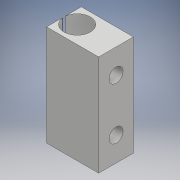
# Autodesk Inventor part: x_holder
Saved by Autodesk Inventor 2017 (Build 210142000, 142)
## iProperties
Part Number: x_holder
Material: Типовые
Document SubType Name: Modeling
Designer: Tolya
Density: 1 g/cm^3
Appearance: По умолчанию
Author: Tolya
Autodesk Inventor part; units mm, degrees
ref_plane "YZ Plane" through (0, 0, 0) normal (1, 0, 0) x (0, 1, 0)
ref_plane "XZ Plane" through (0, 0, 0) normal (0, 1, 0) x (-1, 0, 0)
ref_plane "XY Plane" through (0, 0, 0) normal (0, 0, 1) x (1, 0, 0)
sketch "Эскиз1" plane through (0, 0, 0) normal (0, 0, 1) x (1, 0, 0)
  line L0 (0, 0) -> (30, 0)
  line L1 (30, 0) -> (30, 20)
  line L2 (30, 20) -> (0, 20)
  arc A0 (0.0661, 9) -> (0.0661, 11) centre (7.6, 10) ccw
  line L3 (0.0661, 11) -> (0, 11)
  line L4 (0.0661, 9) -> (0, 9)
  line L5 (0, 20) -> (0, 11)
  line L6 (0, 9) -> (0, 0)
  dimension "d0" = 30
  dimension "d1" = 20
  constraints: 14 end point, 5 perpendicular, 3 parallel, 2 point on circle, 1 centre point, 1 horizontal
  measures "d0" distance of L2.end L1.end
  measures "d1" distance of L1.end L0.end
extrude "Выдавливание1" add sketch "Эскиз1" along normal blind 58
sketch "Эскиз2" plane through (30, 0, 0) normal (1, 0, 0) x (0, 0, -1)
  circle A0 centre (-14.05, 10) radius 4.05
  line L0 (0, 20) -> (-58, 20) projected
  line L1 (-29, 20) -> (-29, 0)
  circle A1 centre (-43.95, 10) radius 4.05
  point P0 (0, 0)
  dimension "d4" = 8.1
  constraints: 2 centre point, 2 end point, 1 midpoint, 1 symmetric about line, 1 vertical, 1 other
  measures "d4" diameter of A0
extrude "Выдавливание2" cut sketch "Эскиз2" against normal blind 10

________________________

### Task requirements
What you print must match the entries exactly, except that no pictures appear.

### Response area
# Autodesk Inventor part: x_holder
Saved by Autodesk Inventor 2017 (Build 210142000, 142)
## iProperties
Part Number: x_holder
Material: Типовые
Document SubType Name: Modeling
Designer: Tolya
Density: 1 g/cm^3
Appearance: По умолчанию
Author: Tolya
Autodesk Inventor part; units mm, degrees
ref_plane "YZ Plane" through (0, 0, 0) normal (1, 0, 0) x (0, 1, 0)
ref_plane "XZ Plane" through (0, 0, 0) normal (0, 1, 0) x (-1, 0, 0)
ref_plane "XY Plane" through (0, 0, 0) normal (0, 0, 1) x (1, 0, 0)
sketch "Эскиз1" plane through (0, 0, 0) normal (0, 0, 1) x (1, 0, 0)
  line L0 (0, 0) -> (30, 0)
  line L1 (30, 0) -> (30, 20)
  line L2 (30, 20) -> (0, 20)
  arc A0 (0.0661, 9) -> (0.0661, 11) centre (7.6, 10) ccw
  line L3 (0.0661, 11) -> (0, 11)
  line L4 (0.0661, 9) -> (0, 9)
  line L5 (0, 20) -> (0, 11)
  line L6 (0, 9) -> (0, 0)
  dimension "d0" = 30
  dimension "d1" = 20
  constraints: 14 end point, 5 perpendicular, 3 parallel, 2 point on circle, 1 centre point, 1 horizontal
  measures "d0" distance of L2.end L1.end
  measures "d1" distance of L1.end L0.end
extrude "Выдавливание1" add sketch "Эскиз1" along normal blind 58
sketch "Эскиз2" plane through (30, 0, 0) normal (1, 0, 0) x (0, 0, -1)
  circle A0 centre (-14.05, 10) radius 4.05
  line L0 (0, 20) -> (-58, 20) projected
  line L1 (-29, 20) -> (-29, 0)
  circle A1 centre (-43.95, 10) radius 4.05
  point P0 (0, 0)
  dimension "d4" = 8.1
  constraints: 2 centre point, 2 end point, 1 midpoint, 1 symmetric about line, 1 vertical, 1 other
  measures "d4" diameter of A0
extrude "Выдавливание2" cut sketch "Эскиз2" against normal blind 10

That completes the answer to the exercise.